12. Dans les mosquées, pas de politique
Il a suffi de quelques semaines, après la chute de Ben Ali, pour que près de 1 000 mosquées – sur les 5 000 que compte le pays – échappent au contrôle de l’État et passent sous celui d’imams et de groupes radicaux, offrant autant de tribunes aux extrémistes pour appeler à la violence et à la haine, voire pour embrigader les jeunes candidats au jihad. Certes, le gouvernement Mehdi Jomâa a mis le holà aux dérives et repris en main le réseau des lieux de culte, mais le fait religieux est devenu incontournable et le conservatisme du pays s’est confirmé.
Rompre avec le système de contrôle imposé par Ben Ali pour passer à un accompagnement conforme à la Constitution implique que les gouvernants revoient les fondamentaux en instituant une sécularisation du sacré et en définissant le cadre opérationnel de l’islam par rapport à l’État. Dans la pratique et dans l’immédiat, il s’agit de remettre bon ordre dans les rangs des imams, qui continuent de véhiculer des discours politiques malgré l’interdiction.
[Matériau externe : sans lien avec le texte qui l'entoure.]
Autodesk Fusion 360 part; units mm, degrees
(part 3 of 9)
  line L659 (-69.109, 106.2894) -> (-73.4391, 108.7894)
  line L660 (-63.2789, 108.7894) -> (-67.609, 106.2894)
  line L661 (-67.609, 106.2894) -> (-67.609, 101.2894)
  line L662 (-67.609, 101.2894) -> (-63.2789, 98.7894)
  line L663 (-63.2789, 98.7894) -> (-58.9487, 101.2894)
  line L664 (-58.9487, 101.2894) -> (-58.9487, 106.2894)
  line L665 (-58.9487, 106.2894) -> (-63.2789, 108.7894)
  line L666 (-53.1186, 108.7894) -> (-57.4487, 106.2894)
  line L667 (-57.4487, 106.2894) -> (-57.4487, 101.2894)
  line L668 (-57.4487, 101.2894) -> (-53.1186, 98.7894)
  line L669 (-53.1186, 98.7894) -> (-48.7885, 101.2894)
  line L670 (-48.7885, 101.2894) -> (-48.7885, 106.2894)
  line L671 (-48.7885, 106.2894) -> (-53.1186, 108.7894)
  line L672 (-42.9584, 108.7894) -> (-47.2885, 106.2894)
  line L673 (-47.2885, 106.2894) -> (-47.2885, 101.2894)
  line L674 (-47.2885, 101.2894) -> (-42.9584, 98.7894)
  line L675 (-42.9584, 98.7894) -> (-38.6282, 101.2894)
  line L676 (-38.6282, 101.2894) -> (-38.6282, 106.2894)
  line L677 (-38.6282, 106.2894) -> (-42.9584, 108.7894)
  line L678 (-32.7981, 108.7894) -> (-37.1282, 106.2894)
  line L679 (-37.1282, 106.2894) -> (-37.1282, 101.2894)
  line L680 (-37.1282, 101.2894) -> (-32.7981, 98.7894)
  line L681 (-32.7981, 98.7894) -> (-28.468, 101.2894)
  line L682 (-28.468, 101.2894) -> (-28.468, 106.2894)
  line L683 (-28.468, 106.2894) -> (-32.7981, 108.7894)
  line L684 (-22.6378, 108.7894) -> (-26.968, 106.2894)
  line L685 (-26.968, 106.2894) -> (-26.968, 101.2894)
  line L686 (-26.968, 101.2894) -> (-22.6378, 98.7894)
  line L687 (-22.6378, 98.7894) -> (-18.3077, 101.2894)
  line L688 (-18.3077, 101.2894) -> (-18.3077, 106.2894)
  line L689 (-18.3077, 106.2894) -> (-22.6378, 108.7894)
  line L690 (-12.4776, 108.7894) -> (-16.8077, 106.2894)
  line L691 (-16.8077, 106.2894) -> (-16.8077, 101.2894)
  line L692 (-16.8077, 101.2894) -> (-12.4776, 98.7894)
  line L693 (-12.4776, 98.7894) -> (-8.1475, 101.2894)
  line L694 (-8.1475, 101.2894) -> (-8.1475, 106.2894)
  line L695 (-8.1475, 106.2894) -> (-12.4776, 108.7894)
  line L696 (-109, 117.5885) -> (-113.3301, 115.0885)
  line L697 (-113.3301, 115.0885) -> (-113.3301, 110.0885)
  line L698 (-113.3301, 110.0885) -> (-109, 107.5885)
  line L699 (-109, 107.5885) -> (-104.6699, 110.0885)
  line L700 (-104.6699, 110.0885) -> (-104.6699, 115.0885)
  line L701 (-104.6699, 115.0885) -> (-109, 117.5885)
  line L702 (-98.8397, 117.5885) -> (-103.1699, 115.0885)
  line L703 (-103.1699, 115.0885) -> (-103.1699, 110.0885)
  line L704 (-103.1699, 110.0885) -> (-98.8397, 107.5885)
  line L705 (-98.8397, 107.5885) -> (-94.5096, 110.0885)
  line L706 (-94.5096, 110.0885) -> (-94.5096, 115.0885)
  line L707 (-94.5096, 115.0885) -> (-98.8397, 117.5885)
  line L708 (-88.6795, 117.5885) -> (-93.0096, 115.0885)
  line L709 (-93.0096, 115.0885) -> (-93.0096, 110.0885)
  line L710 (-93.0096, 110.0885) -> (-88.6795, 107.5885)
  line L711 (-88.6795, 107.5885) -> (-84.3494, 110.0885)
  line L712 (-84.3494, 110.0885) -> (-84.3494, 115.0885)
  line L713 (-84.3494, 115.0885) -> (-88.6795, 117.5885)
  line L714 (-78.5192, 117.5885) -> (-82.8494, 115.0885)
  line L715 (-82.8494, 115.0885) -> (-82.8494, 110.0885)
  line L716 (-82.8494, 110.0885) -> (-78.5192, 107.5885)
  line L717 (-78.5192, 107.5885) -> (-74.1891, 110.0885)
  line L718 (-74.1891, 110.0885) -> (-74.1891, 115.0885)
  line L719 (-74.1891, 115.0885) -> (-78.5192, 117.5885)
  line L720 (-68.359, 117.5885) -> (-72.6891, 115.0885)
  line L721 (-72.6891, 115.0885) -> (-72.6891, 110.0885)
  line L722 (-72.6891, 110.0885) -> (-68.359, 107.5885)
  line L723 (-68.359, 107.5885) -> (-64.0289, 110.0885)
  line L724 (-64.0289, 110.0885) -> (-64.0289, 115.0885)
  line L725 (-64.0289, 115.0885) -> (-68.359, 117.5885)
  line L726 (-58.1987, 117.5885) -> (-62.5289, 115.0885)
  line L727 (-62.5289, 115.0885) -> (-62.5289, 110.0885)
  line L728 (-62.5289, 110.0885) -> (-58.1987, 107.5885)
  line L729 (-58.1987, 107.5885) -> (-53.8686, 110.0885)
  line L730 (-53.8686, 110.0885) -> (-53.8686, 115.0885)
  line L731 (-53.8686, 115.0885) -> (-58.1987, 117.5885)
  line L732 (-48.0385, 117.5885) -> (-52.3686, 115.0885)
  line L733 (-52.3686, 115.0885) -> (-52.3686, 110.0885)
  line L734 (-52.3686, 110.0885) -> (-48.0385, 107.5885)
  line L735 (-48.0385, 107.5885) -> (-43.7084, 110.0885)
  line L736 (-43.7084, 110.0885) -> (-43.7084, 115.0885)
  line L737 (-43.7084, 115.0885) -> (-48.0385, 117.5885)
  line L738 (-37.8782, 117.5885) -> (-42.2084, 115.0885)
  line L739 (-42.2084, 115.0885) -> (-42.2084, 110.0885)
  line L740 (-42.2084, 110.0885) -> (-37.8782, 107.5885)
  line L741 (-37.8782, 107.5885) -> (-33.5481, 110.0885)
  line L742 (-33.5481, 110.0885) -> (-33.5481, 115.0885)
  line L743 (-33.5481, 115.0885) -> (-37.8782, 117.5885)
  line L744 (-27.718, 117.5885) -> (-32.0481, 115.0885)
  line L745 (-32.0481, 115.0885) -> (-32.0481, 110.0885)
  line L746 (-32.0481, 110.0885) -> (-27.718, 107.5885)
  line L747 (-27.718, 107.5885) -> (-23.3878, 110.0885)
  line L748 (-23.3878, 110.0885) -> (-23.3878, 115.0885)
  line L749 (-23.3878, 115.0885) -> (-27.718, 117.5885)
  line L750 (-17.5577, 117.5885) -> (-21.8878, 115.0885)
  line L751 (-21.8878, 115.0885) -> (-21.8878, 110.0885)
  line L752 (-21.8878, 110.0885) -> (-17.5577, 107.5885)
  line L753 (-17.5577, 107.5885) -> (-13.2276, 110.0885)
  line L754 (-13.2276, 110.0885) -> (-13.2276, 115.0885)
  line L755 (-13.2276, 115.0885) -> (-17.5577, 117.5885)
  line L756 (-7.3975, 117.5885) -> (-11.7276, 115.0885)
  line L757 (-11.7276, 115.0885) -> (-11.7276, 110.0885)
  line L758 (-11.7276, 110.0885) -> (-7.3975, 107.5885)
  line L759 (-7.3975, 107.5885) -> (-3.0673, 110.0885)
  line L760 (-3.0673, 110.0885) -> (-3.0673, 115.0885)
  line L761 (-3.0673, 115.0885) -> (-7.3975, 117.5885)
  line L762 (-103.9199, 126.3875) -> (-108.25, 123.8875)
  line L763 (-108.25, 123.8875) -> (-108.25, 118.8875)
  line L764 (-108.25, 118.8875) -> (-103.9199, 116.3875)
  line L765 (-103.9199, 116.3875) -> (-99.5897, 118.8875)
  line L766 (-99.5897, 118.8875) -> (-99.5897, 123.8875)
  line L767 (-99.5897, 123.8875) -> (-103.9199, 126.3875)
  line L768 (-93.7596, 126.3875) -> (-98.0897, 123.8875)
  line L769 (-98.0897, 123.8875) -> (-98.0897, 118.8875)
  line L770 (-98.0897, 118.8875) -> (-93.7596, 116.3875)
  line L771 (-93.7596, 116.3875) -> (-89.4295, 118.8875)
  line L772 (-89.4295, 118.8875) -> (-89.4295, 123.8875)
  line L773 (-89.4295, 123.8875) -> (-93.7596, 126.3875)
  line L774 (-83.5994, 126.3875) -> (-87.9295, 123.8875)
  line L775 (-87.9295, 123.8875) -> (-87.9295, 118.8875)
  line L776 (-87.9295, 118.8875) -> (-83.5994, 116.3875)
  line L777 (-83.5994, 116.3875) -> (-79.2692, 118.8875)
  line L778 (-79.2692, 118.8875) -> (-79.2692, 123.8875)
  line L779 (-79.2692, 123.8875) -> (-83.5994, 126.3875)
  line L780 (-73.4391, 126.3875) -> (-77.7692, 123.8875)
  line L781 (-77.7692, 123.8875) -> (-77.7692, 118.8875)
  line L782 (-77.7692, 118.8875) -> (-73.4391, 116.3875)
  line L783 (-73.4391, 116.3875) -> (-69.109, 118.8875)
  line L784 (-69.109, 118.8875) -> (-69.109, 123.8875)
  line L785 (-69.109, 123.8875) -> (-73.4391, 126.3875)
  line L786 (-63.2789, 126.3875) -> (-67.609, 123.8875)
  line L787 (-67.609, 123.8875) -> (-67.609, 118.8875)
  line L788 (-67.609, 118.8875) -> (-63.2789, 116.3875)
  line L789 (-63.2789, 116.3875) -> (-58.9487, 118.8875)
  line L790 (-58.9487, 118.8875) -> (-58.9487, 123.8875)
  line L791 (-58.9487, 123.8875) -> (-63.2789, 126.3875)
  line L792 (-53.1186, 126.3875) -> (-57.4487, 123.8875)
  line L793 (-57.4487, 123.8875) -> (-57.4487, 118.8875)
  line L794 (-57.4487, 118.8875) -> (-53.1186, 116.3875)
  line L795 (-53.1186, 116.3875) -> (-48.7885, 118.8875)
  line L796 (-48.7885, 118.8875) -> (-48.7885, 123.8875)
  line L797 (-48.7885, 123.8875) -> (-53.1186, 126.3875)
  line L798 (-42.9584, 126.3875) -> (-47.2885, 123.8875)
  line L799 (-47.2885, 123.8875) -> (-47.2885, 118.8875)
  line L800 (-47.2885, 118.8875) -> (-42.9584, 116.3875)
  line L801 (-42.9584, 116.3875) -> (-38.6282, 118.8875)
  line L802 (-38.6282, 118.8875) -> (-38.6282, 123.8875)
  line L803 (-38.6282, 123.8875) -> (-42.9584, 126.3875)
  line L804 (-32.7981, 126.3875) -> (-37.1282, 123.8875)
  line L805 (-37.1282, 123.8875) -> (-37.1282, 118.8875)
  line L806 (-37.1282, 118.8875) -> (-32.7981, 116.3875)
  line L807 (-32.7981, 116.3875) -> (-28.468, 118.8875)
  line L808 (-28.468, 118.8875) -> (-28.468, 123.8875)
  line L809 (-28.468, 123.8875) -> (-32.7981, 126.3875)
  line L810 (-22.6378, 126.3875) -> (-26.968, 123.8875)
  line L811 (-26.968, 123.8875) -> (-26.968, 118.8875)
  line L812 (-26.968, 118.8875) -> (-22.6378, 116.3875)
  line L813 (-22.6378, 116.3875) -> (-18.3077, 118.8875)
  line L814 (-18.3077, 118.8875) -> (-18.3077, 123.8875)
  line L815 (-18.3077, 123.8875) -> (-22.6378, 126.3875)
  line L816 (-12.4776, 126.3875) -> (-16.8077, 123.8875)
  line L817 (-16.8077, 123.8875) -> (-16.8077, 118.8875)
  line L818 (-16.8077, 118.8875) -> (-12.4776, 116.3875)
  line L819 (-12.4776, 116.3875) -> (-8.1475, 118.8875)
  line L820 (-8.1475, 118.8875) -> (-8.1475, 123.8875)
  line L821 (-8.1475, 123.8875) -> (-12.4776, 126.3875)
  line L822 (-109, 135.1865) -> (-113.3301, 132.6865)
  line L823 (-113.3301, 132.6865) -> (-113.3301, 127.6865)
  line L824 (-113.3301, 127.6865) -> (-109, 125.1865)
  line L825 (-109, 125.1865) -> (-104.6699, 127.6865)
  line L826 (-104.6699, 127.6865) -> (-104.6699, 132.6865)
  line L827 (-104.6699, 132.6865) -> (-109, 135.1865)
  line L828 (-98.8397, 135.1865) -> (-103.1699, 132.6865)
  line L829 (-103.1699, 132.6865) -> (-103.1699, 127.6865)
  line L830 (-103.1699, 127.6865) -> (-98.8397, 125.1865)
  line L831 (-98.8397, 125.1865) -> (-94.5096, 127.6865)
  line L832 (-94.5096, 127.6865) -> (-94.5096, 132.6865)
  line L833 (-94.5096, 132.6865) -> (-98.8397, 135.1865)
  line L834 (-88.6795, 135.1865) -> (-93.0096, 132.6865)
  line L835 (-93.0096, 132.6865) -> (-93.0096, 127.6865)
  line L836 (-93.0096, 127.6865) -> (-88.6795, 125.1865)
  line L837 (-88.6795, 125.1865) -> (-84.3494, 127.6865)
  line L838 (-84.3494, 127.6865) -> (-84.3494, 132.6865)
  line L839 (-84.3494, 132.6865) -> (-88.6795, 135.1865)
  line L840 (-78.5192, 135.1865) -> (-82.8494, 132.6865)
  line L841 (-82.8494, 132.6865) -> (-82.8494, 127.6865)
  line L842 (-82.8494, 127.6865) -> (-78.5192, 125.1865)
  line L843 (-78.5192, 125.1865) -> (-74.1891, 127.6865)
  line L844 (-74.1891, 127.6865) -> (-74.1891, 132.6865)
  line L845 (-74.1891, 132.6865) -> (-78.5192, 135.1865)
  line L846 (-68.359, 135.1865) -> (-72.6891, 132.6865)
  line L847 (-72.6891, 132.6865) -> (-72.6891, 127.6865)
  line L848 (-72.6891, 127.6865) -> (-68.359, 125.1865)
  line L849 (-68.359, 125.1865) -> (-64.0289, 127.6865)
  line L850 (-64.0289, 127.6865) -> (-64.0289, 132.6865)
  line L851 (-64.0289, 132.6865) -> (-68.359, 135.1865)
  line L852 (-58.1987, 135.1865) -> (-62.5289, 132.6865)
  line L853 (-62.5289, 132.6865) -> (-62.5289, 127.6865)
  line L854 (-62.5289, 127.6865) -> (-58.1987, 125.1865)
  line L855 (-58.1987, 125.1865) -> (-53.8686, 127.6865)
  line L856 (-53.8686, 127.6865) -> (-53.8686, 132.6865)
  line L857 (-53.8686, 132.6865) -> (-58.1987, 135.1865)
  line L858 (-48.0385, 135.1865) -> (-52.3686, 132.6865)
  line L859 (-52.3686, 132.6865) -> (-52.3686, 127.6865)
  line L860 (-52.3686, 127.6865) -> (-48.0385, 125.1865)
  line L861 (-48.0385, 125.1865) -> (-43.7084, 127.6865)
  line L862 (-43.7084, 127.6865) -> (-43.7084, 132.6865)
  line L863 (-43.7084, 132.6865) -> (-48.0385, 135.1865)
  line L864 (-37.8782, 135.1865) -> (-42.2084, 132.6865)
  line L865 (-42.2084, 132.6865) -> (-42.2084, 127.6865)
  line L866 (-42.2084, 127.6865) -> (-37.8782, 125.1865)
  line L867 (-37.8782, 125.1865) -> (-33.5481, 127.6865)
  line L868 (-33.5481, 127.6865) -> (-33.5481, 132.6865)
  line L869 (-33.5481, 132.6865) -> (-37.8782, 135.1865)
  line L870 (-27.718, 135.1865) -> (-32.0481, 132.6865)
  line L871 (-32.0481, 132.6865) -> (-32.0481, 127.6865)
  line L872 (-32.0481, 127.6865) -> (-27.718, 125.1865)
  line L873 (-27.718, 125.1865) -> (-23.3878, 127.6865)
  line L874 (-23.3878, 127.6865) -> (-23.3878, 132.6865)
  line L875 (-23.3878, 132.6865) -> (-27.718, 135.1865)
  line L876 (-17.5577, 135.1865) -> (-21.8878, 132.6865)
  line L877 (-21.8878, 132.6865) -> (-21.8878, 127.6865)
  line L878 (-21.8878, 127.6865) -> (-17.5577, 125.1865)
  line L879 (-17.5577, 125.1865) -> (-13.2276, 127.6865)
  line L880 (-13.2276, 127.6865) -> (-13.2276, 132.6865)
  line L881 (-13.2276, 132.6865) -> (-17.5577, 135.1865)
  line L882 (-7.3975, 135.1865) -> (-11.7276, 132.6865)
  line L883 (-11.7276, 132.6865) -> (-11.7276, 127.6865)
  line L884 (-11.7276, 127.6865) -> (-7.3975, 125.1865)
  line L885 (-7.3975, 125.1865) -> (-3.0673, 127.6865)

Ce qui nécessite un meilleur encadrement des théologiens à travers des formations en prise avec les réalités de la Tunisie, et une veille du contenu véhiculé par les écoles coraniques en coordination avec le système éducatif. Nombreux sont ceux qui souhaitent rétablir l’aura de l’université de la Zitouna, pour faire d’un islam modéré à la tunisienne un contrepoids aux discours des radicaux.